Another familiar rule of construction is that the meaning of a doubtful word or phrase appearing in a statute may he ascertained by reference to the associated words, those following as well as those which precede such word or phrase. United States v. Louisville & Nashville R. Co., 236 U. S. 318, 35 S. Ct. 363, 59 L. Ed. 598; Virginia v. Tennessee, 148 U. S. 503, 13 S. Ct. 728, 37 L. Ed. 537; Patton v. United States, 159 U. S. 500, 16 S. Ct. 89, 40 L. Ed. 233.
The phrase “games and parts of games” is immediately followed by “except playing cards and children’s toys and games, and all similar articles commonly or commercially known as sporting goods.” These words are explanatory of the intent and purpose of section 900 (5) to impose the tax only on such articles as are commonly or commercially known as sporting goods. In fact, this section of the Revenue Act of 1918 has been commonly known as the sporting goods section of the act. The articles made subject to the tax are referred to as “sporting goods” in the report (No. 767, p. 34) of the Ways and Means Committee of the House and in the report of the Senate Finance Committee (No. 617, p. 54) in connection with the consideration of the act by Congress at the time of its passage. The Committee on Finance of the Senate, in reporting the Revenue Act of 1921, said in reference to the change made in section 900 (5) of the Revenue Act of 1918 (S. Report No. 275, p. 28): “ * * * The reduction of the tax imposed by subdivision 5 upon sporting goods from 10 to 5 per cent.”
The Treasury Department in article 18 of Regulations 47, revised, enumerates nearly two hundred different articles as being subject to the tax imposed by section 900 (5) of the 1918 Revenue Act. All of the articles enumerated are such as are commonly used in athletic sports, and are of a like kind to those specifically named in the aet.1 None of the articles so enumerated are in any respect similar to the slot machines in question, and none of them are articles used in “games,” as that term is used in criminal statutes against gambling. It is quite clear from the regulations that the Treasury Department interpreted section 900 (5) as making sporting goods and nothing else subject to the tax, I think this interpretation of the law is correct. The phrase “games and parts of games” must be construed in connection with the phrase which follows, “and all similar articles commonly or commercially known as sporting goods.” No article other than those specifically enumerated in the act is subject to the tax, unless such article is of a similar kind to those named, and is one commonly and -commercially known as “sporting goods.”

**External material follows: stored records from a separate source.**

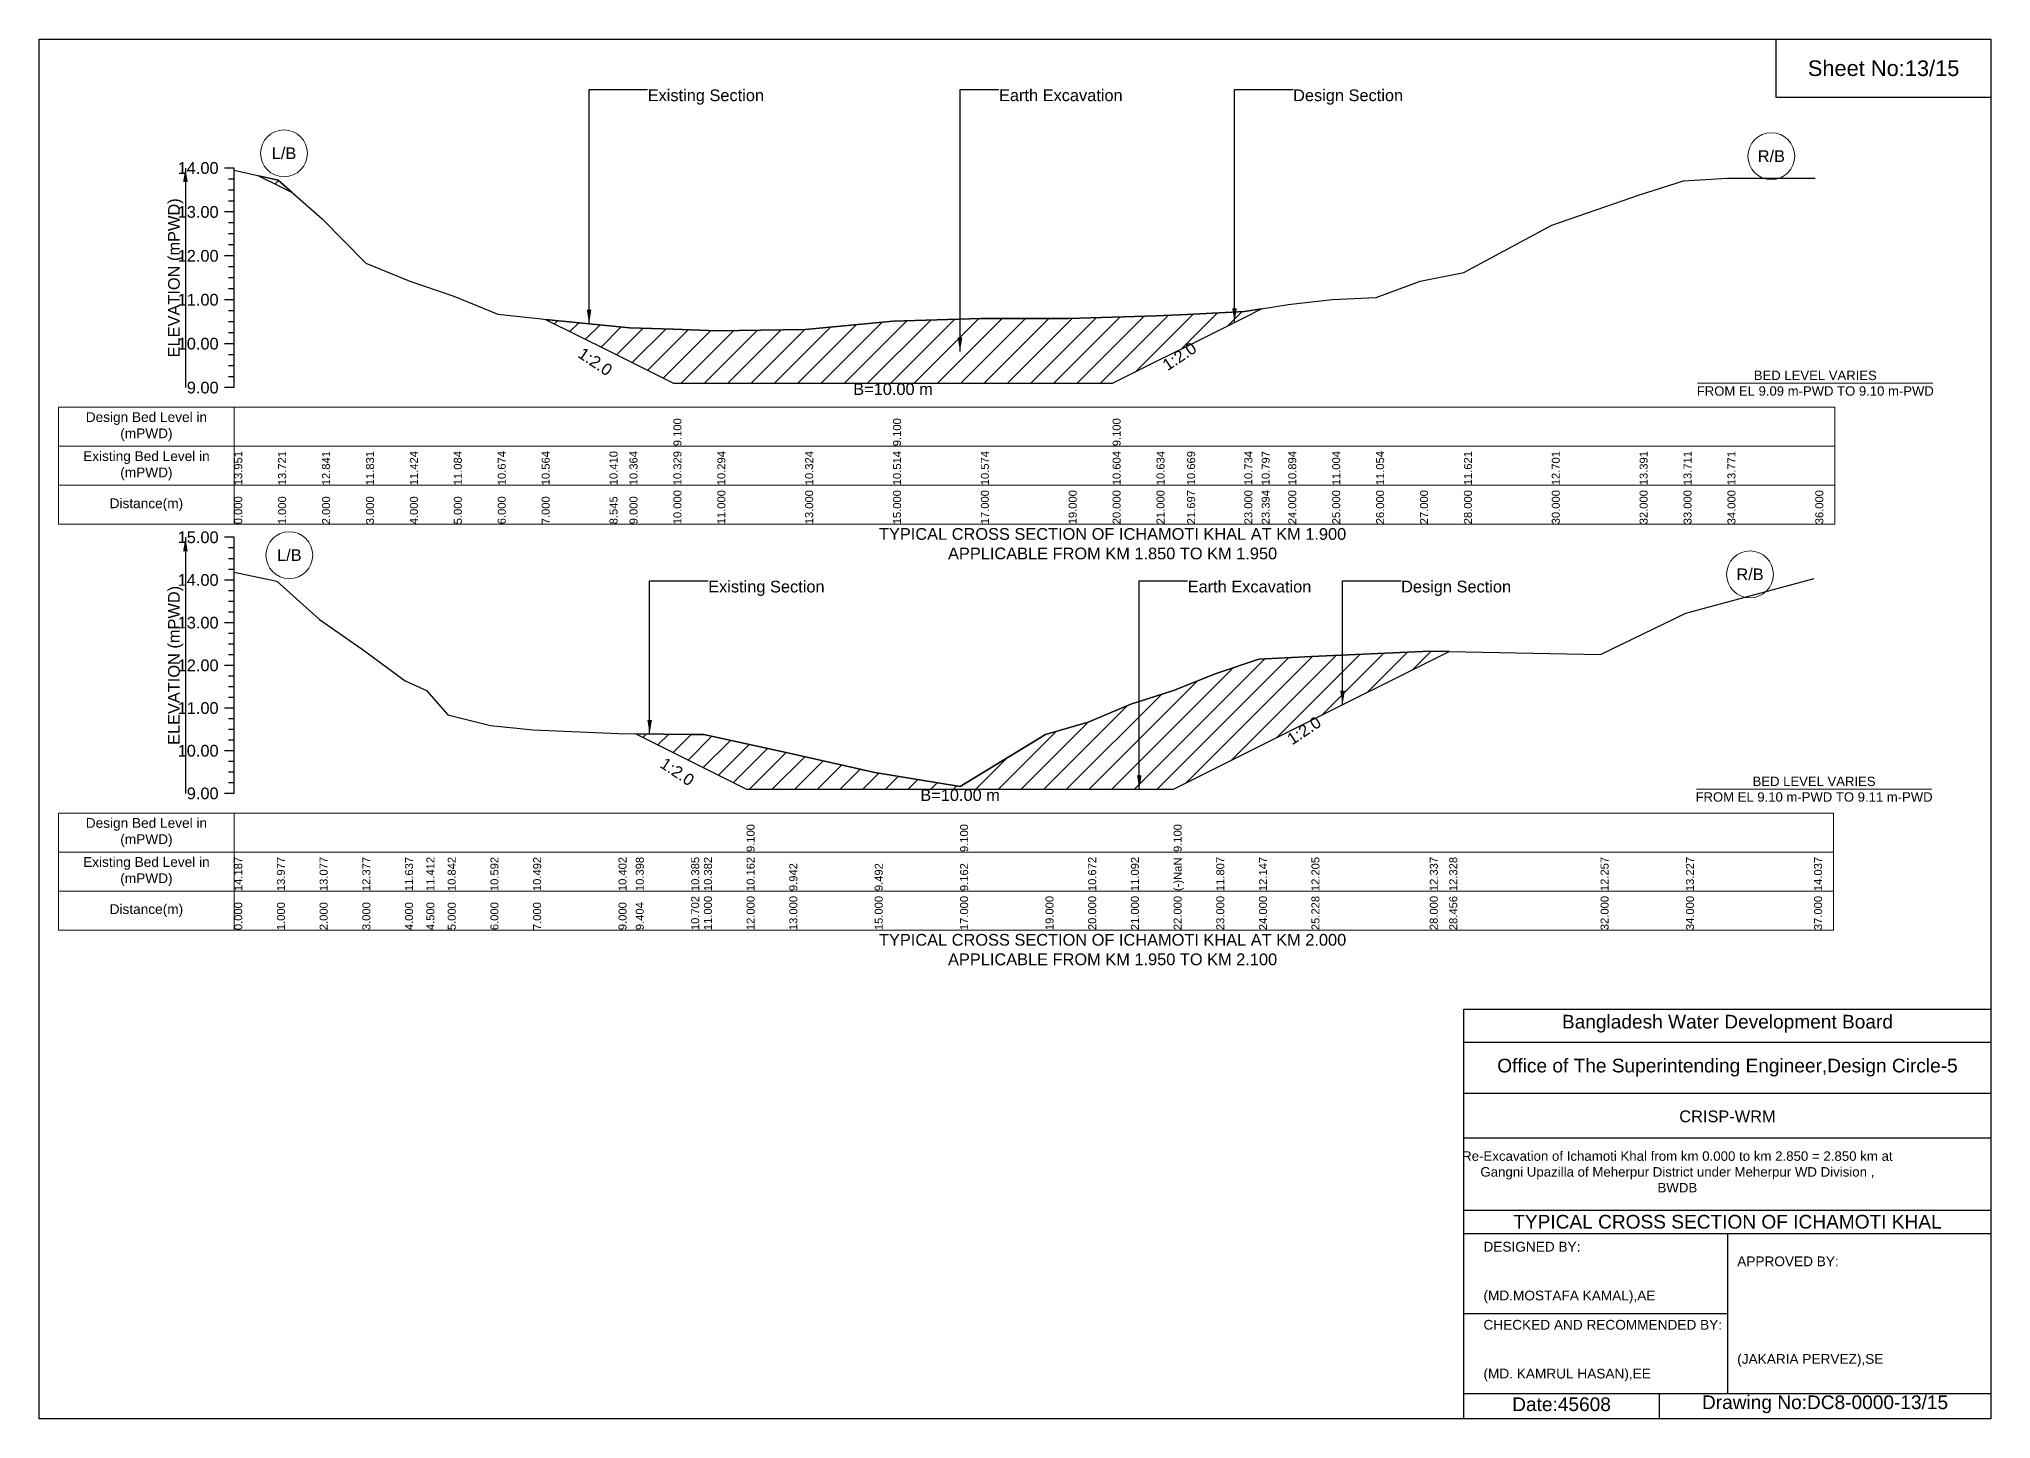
# Model space of a CAD drawing. Header units: inches. Extents: x 91000 to 258649, y -5656 to 4.
# Drawn here: x 220000 to 228000, y -5656 to 0 of the extents above; entities that cross this region are included whole.
import ezdxf

# ---------------------------------------------------------------- set-up
doc = ezdxf.new("R2010")
doc.units = ezdxf.units.IN
doc.header["$LTSCALE"] = 7
doc.header["$MEASUREMENT"] = 0
for name, color, linetype, lineweight in [('Cross section Data Border', 7, 'Continuous', 9), ('Cross Section Labels', 7, 'Continuous', 9), ('Existing_Bed_Level for Xsection', 7, 'Continuous', 25)]:
    doc.layers.add(name, color=color, linetype=linetype, lineweight=lineweight)
doc.styles.get("Standard").update_dxf_attribs({"font": 'arial.ttf'})
doc.dimstyles.get("Standard").update_dxf_attribs({"dimtxt": 0.18, "dimasz": 0.18, "dimexe": 0.18, "dimexo": 0.0625, "dimgap": 0.09, "dimtad": 0, "dimtih": 1, "dimtoh": 1, "dimdec": 4, "dimzin": 0, "dimdsep": 46, "dimtxsty": 'Standard', "dimcen": 0.09, "dimadec": 0, "dimazin": 0, "dimtfac": 1, "dimtdec": 4, "dimtofl": 0, "dimtmove": 0, "dimatfit": 3, "dimfxl": 1, "dimtolj": 1, "dimtzin": 0, "dimarcsym": 0})

msp = doc.modelspace()

# ---------------------------------------------------------------- hatches: boundary and pattern name
at = {"layer": 'Existing_Bed_Level for Xsection'}
h = msp.add_hatch(dxfattribs=at)
h.set_pattern_fill('ANSI31', color=256, scale=540, style=0)
h.paths.add_polyline_path([(220899.3, -560.6), (220980, -600.9), (221037.3, -629.6), (220980, -579.1)])
h = msp.add_hatch(dxfattribs=at)
h.set_pattern_fill('ANSI31', color=256, scale=540, style=0)
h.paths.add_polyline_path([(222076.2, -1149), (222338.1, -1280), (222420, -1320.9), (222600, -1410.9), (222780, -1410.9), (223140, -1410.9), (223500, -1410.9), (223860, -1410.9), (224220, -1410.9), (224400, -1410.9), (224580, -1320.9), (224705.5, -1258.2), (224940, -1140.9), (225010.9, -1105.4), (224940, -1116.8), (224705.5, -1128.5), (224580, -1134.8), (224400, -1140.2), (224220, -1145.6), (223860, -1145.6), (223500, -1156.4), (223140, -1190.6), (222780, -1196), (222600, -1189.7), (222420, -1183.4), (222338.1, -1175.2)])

The commissioner of the court to whom the instant case was referred to take the proof and report the facts included in his report the following:
“During the period involved herein coin-operated machines of the several types here-inabove referred to were not sold at representative stores and establishments which specialized in the sale of sporting goods, and they were not commonly or commercially regarded as sporting goods.”
The defendant filed no exceptions to this statement of fact. It is fully sustained by proof, is material to the issue presented, and I think should be incorporated in the court’s findings of fact.
It is my opinion that the Commissioner ' of Internal Revenue was without authority under the statute and the applicable regulations to impose and collect the taxes in question, and that the plaintiff should he given a judgment for the amount of sueh taxes, with interest thereon.